Isn't that an implementation detail?

> You aren't going to do that from a native command running in a separate
> process returning data through stdout without serializing it - and then
> you're back to convertfrom-json as far as it matters.

Not having to write 'convertfrom-json' IMHO is a big improvement. 'ls[0..3]'
is much more convenient than 'ls | from-json[0..3]'. (Imaginary syntax, BTW.)

> For PowerShell to succeed, Microsoft should rewrite all the GNU coreutils?

I wasn't really talking about PowerShell either, but well, yes I do think that
for PowerShell to succeed there should be support for native PowerShell in
'ls', 'find', 'grep', etc...

> You reckon anyone is going to want unilaterally rewritten coreutils?
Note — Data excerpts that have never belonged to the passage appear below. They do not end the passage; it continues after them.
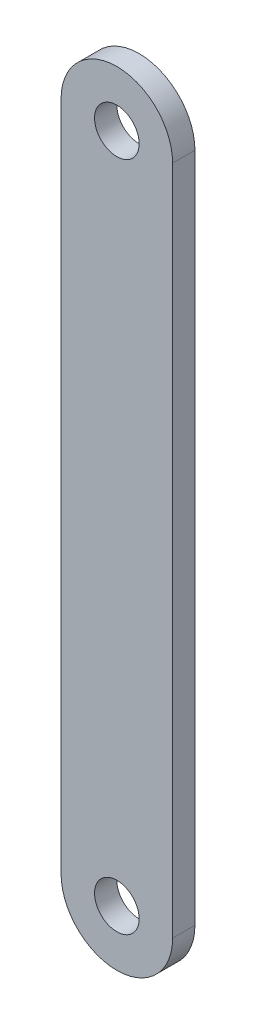
SolidWorks part; units mm, degrees
ref_plane "Alzado" through (0, 0, 0) normal (0, 0, 1) x (1, 0, 0)
ref_plane "Planta" through (0, 0, 0) normal (0, 1, 0) x (1, 0, 0)
ref_plane "Vista lateral" through (0, 0, 0) normal (1, 0, 0) x (0, 0, -1)
sketch "Croquis1" plane through (0, 0, 0) normal (0, 0, 1) x (1, 0, 0)
  line L0 (0, 0) -> (50, 0) construction
  line L1 (50, 0) -> (50, 300.9)
  line L2 (50, 300.9) -> (0, 300.9) construction
  line L3 (0, 300.9) -> (0, 0)
  arc A0 (0, 0) -> (50, 0) centre (25, 0) ccw
  arc A1 (50, 300.9) -> (0, 300.9) centre (25, 300.9) ccw
  circle A2 centre (25, 300.9) radius 10
  circle A3 centre (25, 0) radius 10
  dimension "D3" = 20
  dimension "D4" = 20
  dimension "D1" = 50
  dimension "D2" = 300.9
extrude "Saliente-Extruir1" add sketch "Croquis1" along normal blind 10

From
> _Microsoft_?

It doesn't to be 'rewritten', it just have to gain support. I don't think that
a set of patches that adds a new output format will be that problematic. And,
one doesn't have to use PowerShell support if one isn't using PowerShell.

> Microsoft should stop on their development of a completely new tool and
> hobble themselves to the constraints of the stuff they're trying to replace,
> controlled by people they're in competition with? Unlikely fantasy world.

Er... you know - nobody said that one should replace your bash with
Powershell. If you decide that the 30-year-old-unable-to-handle-spaces-in-
filenames-by-default script language is fine for you, then you can keep using
bash. They're not EEEing...

BTW, checkout elvish shell, since it's not from MS and it has some good ideas.
You might like it if you're just hating PowerShell b.c. it's from Microsoft.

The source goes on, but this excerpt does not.